Collin Garrett called to duty

Freshman linebacker burns red shirt to fill in

Kevin Anderson/Journal-World Photo.Kansas linebacker Collin Garrett (57) at practice Wednesday, Oct. 19, 2011.

Kansas University linebacker Collin Garrett wondered what he’d done wrong.

Last Tuesday afternoon, while he was resting in bed after class, Garrett’s cell phone started ringing.

The call was from KU coach Turner Gill.

“I thought I was in trouble,” Garrett said.

Turned out that it was desperation — and not discipline — that prompted Gill to contact the freshman.

Following a rib injury to linebacker Huldon Tharp, the Jayhawks had few options to play in case middle linebackers Steven Johnson or Darius Willis was injured.

So after being told previously by KU linebackers coach Vantz Singletary that he would red-shirt this year, the 6-foot-1, 215-pound Garrett was asked by Gill if he’d be willing to burn his red shirt to play against the No. 3 Oklahoma Sooners.

The freshman agreed to do whatever the team needed.

“I was fine with that (a red shirt). Just a year to get better, just keep working,” Garrett said. “But when my number got called, I had to step up and go do it.”

Stepping in wasn’t as easy as it sounds.

For the previous two weeks, KU’s coaches had moved Garrett to the scout team.

That means after Garrett received instruction from the defensive coaches for about 10 minutes in individual drills, the rest of his practice was spent trying to help prepare the offense.

Even KU defensive coordinator Vic Shealy admitted, because of Garrett’s time on scout team, that he hadn’t “been coached a lick really for about a month.”

Garrett stuck close to Johnson, who helped him make sure his technique was correct.

Before the game, Johnson also gave Garrett some advice, telling him not be nervous.

That turned out to be difficult.

“I remember when I first got out there and I first lined up … I looked to my left and I saw (Ryan) Broyles, and I looked to my right, and I saw (Kenny) Stills,” Garrett said, “and I was like, ‘Dang, this is the real deal.”

Garrett was productive in his debut.

In about 15 snaps against OU, he recorded four tackles. That included his first tackle, where he shed an offensive lineman before making the play.

“Hearing my name up there, it was kind of just like an awe moment,” Garrett said. “Like, ‘I finally did it.’ It was pretty cool.”
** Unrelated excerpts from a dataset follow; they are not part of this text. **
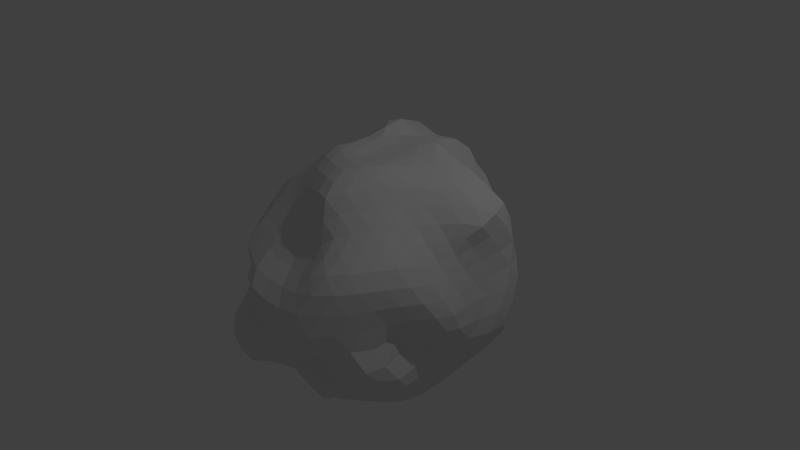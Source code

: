 # Source: asteroid_1.blend  (saved by Blender 2.69.0; exported with 4.5.12 LTS)
import bpy
from mathutils import Matrix  # noqa: F401  (used for matrix-valued properties, if any)

bpy.ops.wm.read_factory_settings(use_empty=True)
scene = bpy.context.scene
scene.name = 'Scene'

# ---- collections
col_collection_1 = bpy.data.collections.new('Collection 1'); scene.collection.children.link(col_collection_1)

# ---- world
world_world = bpy.data.worlds.new('World'); scene.world = world_world
world_world.color = (0.05088, 0.05088, 0.05088)
world_world.use_sun_shadow = False
world_world.sun_shadow_jitter_overblur = 0.0
world_world.cycles.sampling_method = 'MANUAL'
world_world.cycles.sample_map_resolution = 256

# ---- cameras
cam_camera = bpy.data.cameras.new('Camera')
cam_camera.clip_end = 100.0
cam_camera.lens = 35.0
cam_camera.sensor_width = 32.0
cam_camera.sensor_height = 18.0
cam_camera.ortho_scale = 7.314
cam_camera.dof.focus_distance = 0.0
cam_camera.dof.aperture_fstop = 128.0

# ---- lights
light_lamp = bpy.data.lights.new('Lamp', 'POINT')
light_lamp.transmission_factor = 0.0
light_lamp.cutoff_distance = 30.0
light_lamp.energy = 100.0
light_lamp.shadow_buffer_clip_start = 1.001
light_lamp.shadow_soft_size = 0.1
light_lamp.shadow_maximum_resolution = 0.006
light_lamp.use_absolute_resolution = True
light_lamp.cycles.use_multiple_importance_sampling = False

# ---- meshes
me_icosphere = bpy.data.meshes.new('Icosphere')
me_icosphere.from_pydata([(0.01274, -0.02693, -1.924), (1.344, -0.9416, -0.7908), (-0.5515, -1.695, -0.8903), (-0.9417, 0.05349, -0.619), (-0.4951, 1.522, -0.8019), (1.289, 0.9052, -0.799), (0.5427, -1.324, 0.6313), (-1.077, -0.7866, 0.5882), (-1.048, 0.9537, 0.7195), (0.4771, 1.558, 0.793), (1.534, 0.04569, 0.7989), (-0.0122, -0.002535, 1.39), (-0.5095, -1.566, -1.062), (-0.4021, -1.259, -1.066), (-0.2828, -0.9857, -1.245), (-0.2748, -0.8867, -1.601), (-0.2374, -0.7344, -1.834), (-0.1545, -0.4774, -1.935), (-0.07294, -0.2281, -1.982), (0.1937, -0.1415, -1.983), (0.3949, -0.2822, -1.92), (0.5579, -0.378, -1.736), (0.7, -0.4687, -1.487), (0.8315, -0.5759, -1.229), (0.9989, -0.7192, -1.053), (1.174, -0.8277, -0.9082), (1.119, -1.067, -0.8071), (0.9551, -1.264, -0.9132), (0.7562, -1.368, -0.9788), (0.4829, -1.368, -0.9332), (0.1851, -1.397, -0.8386), (-0.09893, -1.522, -0.8655), (-0.3333, -1.693, -0.9322), (1.426, 0.7807, -0.8704), (1.486, 0.568, -0.9005), (1.457, 0.3011, -0.8795), (1.412, 0.03928, -0.8529), (1.385, -0.2341, -0.8462), (1.394, -0.5159, -0.8683), (1.412, -0.7717, -0.8694), (0.2092, 0.1195, -1.919), (0.4085, 0.2796, -1.906), (0.5964, 0.3922, -1.724), (0.7605, 0.5209, -1.498), (0.9532, 0.6888, -1.346), (1.122, 0.8229, -1.193), (1.231, 0.8885, -0.9969), (-0.926, 0.04021, -0.8293), (-0.942, 0.02352, -1.073), (-0.9171, -0.002653, -1.26), (-0.7466, -0.03807, -1.359), (-0.5069, -0.0661, -1.445), (-0.3537, -0.05811, -1.626), (-0.1934, -0.04628, -1.816), (-0.7248, -1.57, -0.9282), (-0.8405, -1.356, -0.9146), (-0.9399, -1.098, -0.9132), (-1.007, -0.8439, -0.9102), (-0.9971, -0.5814, -0.8747), (-0.9521, -0.3372, -0.7933), (-0.9292, -0.1227, -0.6908), (-0.4528, 1.405, -0.953), (-0.3874, 1.216, -1.143), (-0.3382, 1.097, -1.334), (-0.2757, 0.9339, -1.44), (-0.2129, 0.6743, -1.496), (-0.1176, 0.4339, -1.555), (-0.02664, 0.1667, -1.718), (-0.9606, 0.233, -0.6993), (-1.033, 0.4645, -0.7999), (-1.136, 0.6974, -0.8905), (-1.12, 0.9033, -0.9188), (-0.9869, 1.093, -0.8916), (-0.8307, 1.272, -0.8623), (-0.6539, 1.423, -0.8365), (-0.2993, 1.518, -0.8363), (-0.0531, 1.491, -0.8683), (0.2146, 1.466, -0.9105), (0.4877, 1.437, -0.9509), (0.7461, 1.372, -0.9624), (0.9443, 1.228, -0.9227), (1.107, 1.036, -0.8482), (1.495, -0.07023, 0.6003), (1.541, -0.2266, 0.3973), (1.619, -0.3863, 0.2098), (1.633, -0.5099, 0.02995), (1.47, -0.5769, -0.1535), (1.324, -0.7009, -0.4389), (1.44, -0.9094, -0.6886), (1.443, 0.8588, -0.6549), (1.602, 0.806, -0.4723), (1.699, 0.7236, -0.2556), (1.704, 0.5943, -0.01736), (1.627, 0.4354, 0.2194), (1.581, 0.2823, 0.4446), (1.553, 0.1465, 0.6468), (0.4415, -1.43, 0.4869), (0.2908, -1.599, 0.3257), (0.1575, -1.759, 0.1795), (0.04161, -1.753, -0.004613), (-0.1145, -1.64, -0.2438), (-0.3019, -1.698, -0.5061), (-0.4457, -1.782, -0.7135), (1.338, -1.135, -0.6471), (1.31, -1.281, -0.4908), (1.163, -1.373, -0.2346), (1.088, -1.522, 0.008704), (0.978, -1.609, 0.24), (0.8341, -1.61, 0.4472), (0.6759, -1.484, 0.5668), (-1.159, -0.7484, 0.4697), (-1.178, -0.6762, 0.3129), (-1.12, -0.5533, 0.1315), (-1.042, -0.3687, -0.06699), (-1.011, -0.1987, -0.2345), (-0.9917, -0.0979, -0.36), (-0.9665, -0.02538, -0.48), (-0.6866, -1.696, -0.7207), (-0.7792, -1.603, -0.5245), (-0.7924, -1.412, -0.3126), (-0.78, -1.213, -0.05267), (-0.8971, -1.137, 0.1764), (-1.007, -1.038, 0.3357), (-1.059, -0.9064, 0.4725), (-1.03, 1.074, 0.5708), (-1.041, 1.201, 0.3893), (-1.088, 1.319, 0.1906), (-1.041, 1.427, -0.022), (-0.9151, 1.491, -0.2455), (-0.7695, 1.516, -0.4595), (-0.6232, 1.527, -0.6539), (-0.9936, 0.1724, -0.4812), (-1.068, 0.2995, -0.3279), (-1.149, 0.4106, -0.1691), (-1.212, 0.5103, -0.0254), (-1.21, 0.6101, 0.1089), (-1.129, 0.7354, 0.2791), (-1.064, 0.8611, 0.5064), (0.589, 1.565, 0.6211), (0.6866, 1.505, 0.3943), (0.7797, 1.417, 0.1899), (0.8944, 1.282, -0.02863), (1.015, 1.172, -0.2474), (1.125, 1.08, -0.4435), (1.215, 0.9851, -0.6317), (-0.3971, 1.587, -0.655), (-0.2685, 1.644, -0.4581), (-0.1312, 1.691, -0.2355), (0.008162, 1.721, -0.00211), (0.1478, 1.729, 0.2324), (0.2847, 1.715, 0.4599), (0.4029, 1.659, 0.6576), (1.419, -0.115, 0.7793), (1.303, -0.3332, 0.7719), (1.219, -0.5866, 0.8012), (1.128, -0.8175, 0.8199), (0.9964, -1.019, 0.8065), (0.8457, -1.189, 0.7754), (0.689, -1.3, 0.7172), (0.3538, -1.215, 0.6073), (0.07632, -1.182, 0.604), (-0.1567, -1.195, 0.6208), (-0.2987, -1.156, 0.6646), (-0.5375, -1.102, 0.668), (-0.7659, -1.015, 0.6619), (-0.9433, -0.8943, 0.6257), (-1.133, -0.6426, 0.6384), (-1.138, -0.4637, 0.6749), (-1.105, -0.2298, 0.6581), (-1.112, 0.05961, 0.6343), (-1.153, 0.332, 0.6655), (-1.143, 0.5521, 0.7043), (-1.086, 0.7683, 0.7161), (-1.039, 1.115, 0.8429), (-0.9697, 1.296, 0.9488), (-0.7748, 1.435, 0.9927), (-0.5026, 1.517, 0.987), (-0.204, 1.584, 0.9693), (0.05954, 1.646, 0.9569), (0.2891, 1.599, 0.8775), (0.5543, 1.323, 0.7371), (0.6711, 1.043, 0.6884), (0.9355, 0.8327, 0.7653), (1.291, 0.826, 0.9412), (1.508, 0.71, 1.007), (1.597, 0.4668, 0.9756), (1.618, 0.2203, 0.9057), (0.06047, -0.1715, 1.391), (0.1427, -0.3727, 1.415), (0.2155, -0.5792, 1.407), (0.281, -0.7877, 1.346), (0.3431, -0.9663, 1.213), (0.4074, -1.062, 0.9924), (0.4879, -1.167, 0.7638), (1.48, 0.05419, 0.9566), (1.288, 0.06367, 1.093), (1.066, 0.0638, 1.225), (0.8365, 0.05961, 1.325), (0.606, 0.04945, 1.387), (0.3826, 0.0298, 1.404), (0.1647, 0.008844, 1.385), (-0.1309, -0.109, 1.411), (-0.2709, -0.2293, 1.409), (-0.4037, -0.3436, 1.343), (-0.5286, -0.4478, 1.202), (-0.6764, -0.5467, 1.041), (-0.8477, -0.6406, 0.8901), (-0.9888, -0.7249, 0.7312), (-0.151, 0.1023, 1.447), (-0.2867, 0.2371, 1.461), (-0.3648, 0.4093, 1.306), (-0.5575, 0.5993, 1.219), (-0.811, 0.7363, 1.179), (-1.01, 0.852, 1.102), (-1.074, 0.9228, 0.9346), (0.02982, 0.1744, 1.414), (0.1007, 0.3928, 1.443), (0.2014, 0.6197, 1.451), (0.311, 0.813, 1.379), (0.3494, 1.008, 1.247), (0.3805, 1.238, 1.108), (0.4288, 1.436, 0.955), (-0.2645, -1.474, -1.022), (-0.1254, -1.173, -1.138), (0.03412, -1.343, -1.031), (-0.05768, -0.9624, -1.376), (0.1407, -1.17, -1.231), (0.3298, -1.338, -1.148), (-0.03107, -0.8778, -1.713), (0.1785, -0.9541, -1.45), (0.3941, -1.172, -1.294), (0.6022, -1.341, -1.195), (0.04656, -0.6518, -1.867), (0.2367, -0.774, -1.689), (0.4201, -0.8712, -1.431), (0.61, -1.041, -1.246), (0.7937, -1.187, -1.104), (0.126, -0.3898, -1.953), (0.3114, -0.5231, -1.82), (0.4763, -0.6243, -1.597), (0.6273, -0.7179, -1.333), (0.7914, -0.8658, -1.146), (0.95, -0.9852, -0.984), (1.321, 0.6937, -1.076), (1.335, 0.4371, -1.099), (1.168, 0.5646, -1.258), (1.308, 0.1761, -1.085), (1.186, 0.3007, -1.304), (0.9987, 0.4176, -1.445), (1.27, -0.08565, -1.037), (1.167, 0.04496, -1.296), (1.026, 0.1611, -1.515), (0.838, 0.2811, -1.678), (1.255, -0.3626, -1.001), (1.115, -0.2052, -1.217), (0.9932, -0.09146, -1.482), (0.8492, 0.01565, -1.72), (0.6447, 0.1545, -1.883), (1.251, -0.6252, -0.9799), (1.057, -0.4677, -1.121), (0.9142, -0.3325, -1.367), (0.7874, -0.2339, -1.633), (0.632, -0.141, -1.859), (0.411, -0.0001394, -1.957), (-0.9559, -0.1838, -0.9581), (-1.03, -0.2337, -1.232), (-1.026, -0.4204, -1.077), (-0.9766, -0.2658, -1.433), (-1.069, -0.4827, -1.339), (-1.044, -0.6713, -1.137), (-0.7223, -0.2959, -1.524), (-0.8822, -0.5024, -1.498), (-0.9555, -0.7226, -1.337), (-0.9543, -0.9056, -1.13), (-0.4752, -0.2971, -1.662), (-0.6194, -0.512, -1.664), (-0.6946, -0.7157, -1.476), (-0.7607, -0.9064, -1.254), (-0.7842, -1.119, -1.069), (-0.2945, -0.248, -1.894), (-0.4131, -0.5117, -1.857), (-0.4641, -0.7312, -1.694), (-0.4854, -0.8722, -1.379), (-0.5421, -1.06, -1.116), (-0.6352, -1.367, -1.043), (-0.603, 1.245, -1.01), (-0.5484, 1.071, -1.192), (-0.77, 1.064, -1.036), (-0.5147, 0.9162, -1.346), (-0.7228, 0.8881, -1.215), (-0.935, 0.8932, -1.065), (-0.4672, 0.697, -1.49), (-0.6957, 0.7053, -1.418), (-0.8741, 0.7102, -1.267), (-1.056, 0.7195, -1.088), (-0.3719, 0.4777, -1.529), (-0.6207, 0.5065, -1.529), (-0.8044, 0.5218, -1.44), (-0.9371, 0.5136, -1.234), (-1.028, 0.5041, -1.027), (-0.2581, 0.1955, -1.601), (-0.4576, 0.2243, -1.502), (-0.6426, 0.2542, -1.41), (-0.8249, 0.267, -1.305), (-0.9256, 0.2727, -1.143), (-0.9556, 0.2624, -0.933), (1.041, 1.047, -1.087), (0.9139, 0.9703, -1.273), (0.8446, 1.21, -1.155), (0.7219, 0.8091, -1.386), (0.6854, 1.105, -1.32), (0.5998, 1.307, -1.17), (0.4955, 0.6074, -1.479), (0.4667, 0.8992, -1.388), (0.4131, 1.164, -1.295), (0.3244, 1.319, -1.127), (0.3374, 0.4768, -1.655), (0.2408, 0.7349, -1.466), (0.1699, 0.9703, -1.395), (0.1189, 1.147, -1.254), (0.04543, 1.305, -1.06), (0.1627, 0.3335, -1.712), (0.05939, 0.5856, -1.511), (-0.01779, 0.885, -1.49), (-0.1029, 1.063, -1.4), (-0.1519, 1.17, -1.212), (-0.2193, 1.343, -1.006), (1.551, 0.02267, 0.411), (1.61, -0.1287, 0.1984), (1.597, 0.1486, 0.2036), (1.688, -0.2827, 0.001482), (1.644, -0.008241, -0.006964), (1.652, 0.3019, -0.01929), (1.664, -0.3746, -0.1881), (1.675, -0.1754, -0.2333), (1.671, 0.159, -0.2548), (1.724, 0.4593, -0.2677), (1.443, -0.4544, -0.408), (1.593, -0.2373, -0.4262), (1.641, 0.02207, -0.4759), (1.701, 0.3161, -0.5025), (1.704, 0.5923, -0.4998), (1.409, -0.6298, -0.6781), (1.447, -0.3605, -0.6601), (1.518, -0.09815, -0.6627), (1.585, 0.171, -0.6854), (1.631, 0.4482, -0.7069), (1.593, 0.6969, -0.7016), (0.58, -1.63, 0.3829), (0.4492, -1.77, 0.1871), (0.7386, -1.749, 0.2291), (0.3117, -1.854, -0.01925), (0.6061, -1.831, -0.01303), (0.8963, -1.732, -0.006209), (0.1681, -1.79, -0.2473), (0.4453, -1.872, -0.274), (0.7509, -1.795, -0.2703), (0.9634, -1.587, -0.227), (-0.02793, -1.663, -0.4547), (0.2832, -1.751, -0.4717), (0.5246, -1.702, -0.4644), (0.7657, -1.503, -0.4465), (1.061, -1.373, -0.4794), (-0.2156, -1.676, -0.7023), (0.0601, -1.546, -0.6411), (0.3157, -1.491, -0.6218), (0.6041, -1.388, -0.6843), (0.9063, -1.36, -0.7404), (1.144, -1.293, -0.6982), (-1.138, -0.8679, 0.3149), (-1.156, -0.7984, 0.1456), (-1.074, -0.9747, 0.1521), (-1.088, -0.6806, -0.04415), (-1.102, -0.9062, -0.03791), (-0.9713, -1.068, -0.04989), (-1.007, -0.5057, -0.2457), (-1.066, -0.8043, -0.2401), (-1.055, -1.034, -0.2678), (-0.9399, -1.237, -0.297), (-0.9619, -0.3408, -0.4167), (-0.9974, -0.6352, -0.4477), (-1.044, -0.9212, -0.4705), (-1.013, -1.175, -0.5004), (-0.9194, -1.414, -0.5205), (-0.9436, -0.2309, -0.5499), (-0.9614, -0.4713, -0.6265), (-1.003, -0.7488, -0.6746), (-1.008, -1.023, -0.7011), (-0.9479, -1.289, -0.7237), (-0.852, -1.53, -0.7366), (-1.064, 0.9914, 0.3148), (-1.153, 1.159, 0.1229), (-1.145, 0.9151, 0.07955), (-1.249, 1.325, -0.0296), (-1.232, 1.105, -0.07067), (-1.187, 0.804, -0.07941), (-1.12, 1.374, -0.2565), (-1.229, 1.2, -0.2654), (-1.2, 0.9474, -0.2642), (-1.161, 0.6631, -0.229), (-0.9775, 1.406, -0.4769), (-1.126, 1.243, -0.4898), (-1.183, 1.03, -0.4862), (-1.153, 0.7787, -0.4524), (-1.102, 0.5209, -0.3882), (-0.8267, 1.423, -0.6736), (-0.9992, 1.273, -0.6985), (-1.121, 1.08, -0.7122), (-1.16, 0.861, -0.6986), (-1.101, 0.6218, -0.6374), (-1.03, 0.3843, -0.5511), (0.5325, 1.693, 0.4605), (0.6639, 1.647, 0.2241), (0.4118, 1.721, 0.2294), (0.7599, 1.558, -0.009834), (0.543, 1.685, -0.01067), (0.2793, 1.731, -0.009234), (0.8505, 1.435, -0.2605), (0.6644, 1.617, -0.2494), (0.4063, 1.694, -0.2483), (0.1371, 1.713, -0.2445), (0.9334, 1.302, -0.4801), (0.7703, 1.51, -0.5008), (0.5291, 1.614, -0.4905), (0.2575, 1.664, -0.4812), (-0.00841, 1.671, -0.4703), (1.016, 1.171, -0.6735), (0.8597, 1.377, -0.7252), (0.6378, 1.496, -0.7335), (0.3725, 1.559, -0.7164), (0.1035, 1.594, -0.694), (-0.1553, 1.605, -0.6728), (0.8792, -1.429, 0.6347), (1.055, -1.476, 0.4823), (1.064, -1.277, 0.6682), (1.171, -1.406, 0.2594), (1.232, -1.266, 0.4934), (1.214, -1.059, 0.6768), (1.227, -1.269, 0.01498), (1.307, -1.142, 0.2649), (1.356, -0.9955, 0.4808), (1.325, -0.8094, 0.6593), (1.266, -1.123, -0.2638), (1.335, -0.9818, 0.02499), (1.437, -0.8733, 0.2578), (1.459, -0.7349, 0.4477), (1.389, -0.5491, 0.6104), (1.366, -1.042, -0.486), (1.302, -0.8056, -0.2213), (1.478, -0.7266, 0.03918), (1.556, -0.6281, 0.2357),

It also enjoyable for Garrett’s family back home.

After receiving the phone call from Gill on Tuesday, Garrett delayed the celebration in his dorm room to call his mother, Lisa Gloude.

“Mama,” he told her, “I’m going to be playing on ESPN.”

Gloude started screaming.

Though she couldn’t make it to Lawrence on short notice, Gloude threw a party at her house Saturday. She invited about 50 people — uncles, aunts, cousins and friends — to watch the game.

On Sunday, Garrett received a text message from his uncle, Trevence King, showing some video of Saturday’s get-together; many of Garrett’s family members and friends were cheering wildly.

“That pretty much made my day,” Garrett said.

Both Gloude and Garrett’s aunt, Hope King, have made plans to be in attendance at today’s game against Kansas State.

Garrett especially wants to play well in front of his mother, who raised him as a single parent and worked up to three jobs at a time to help provide for him growing up.

“My mom is the whole reason I’m up here,” Garrett said. “All of this — all me playing, doing anything — is more for her than it is for me, because I just want to make her proud.”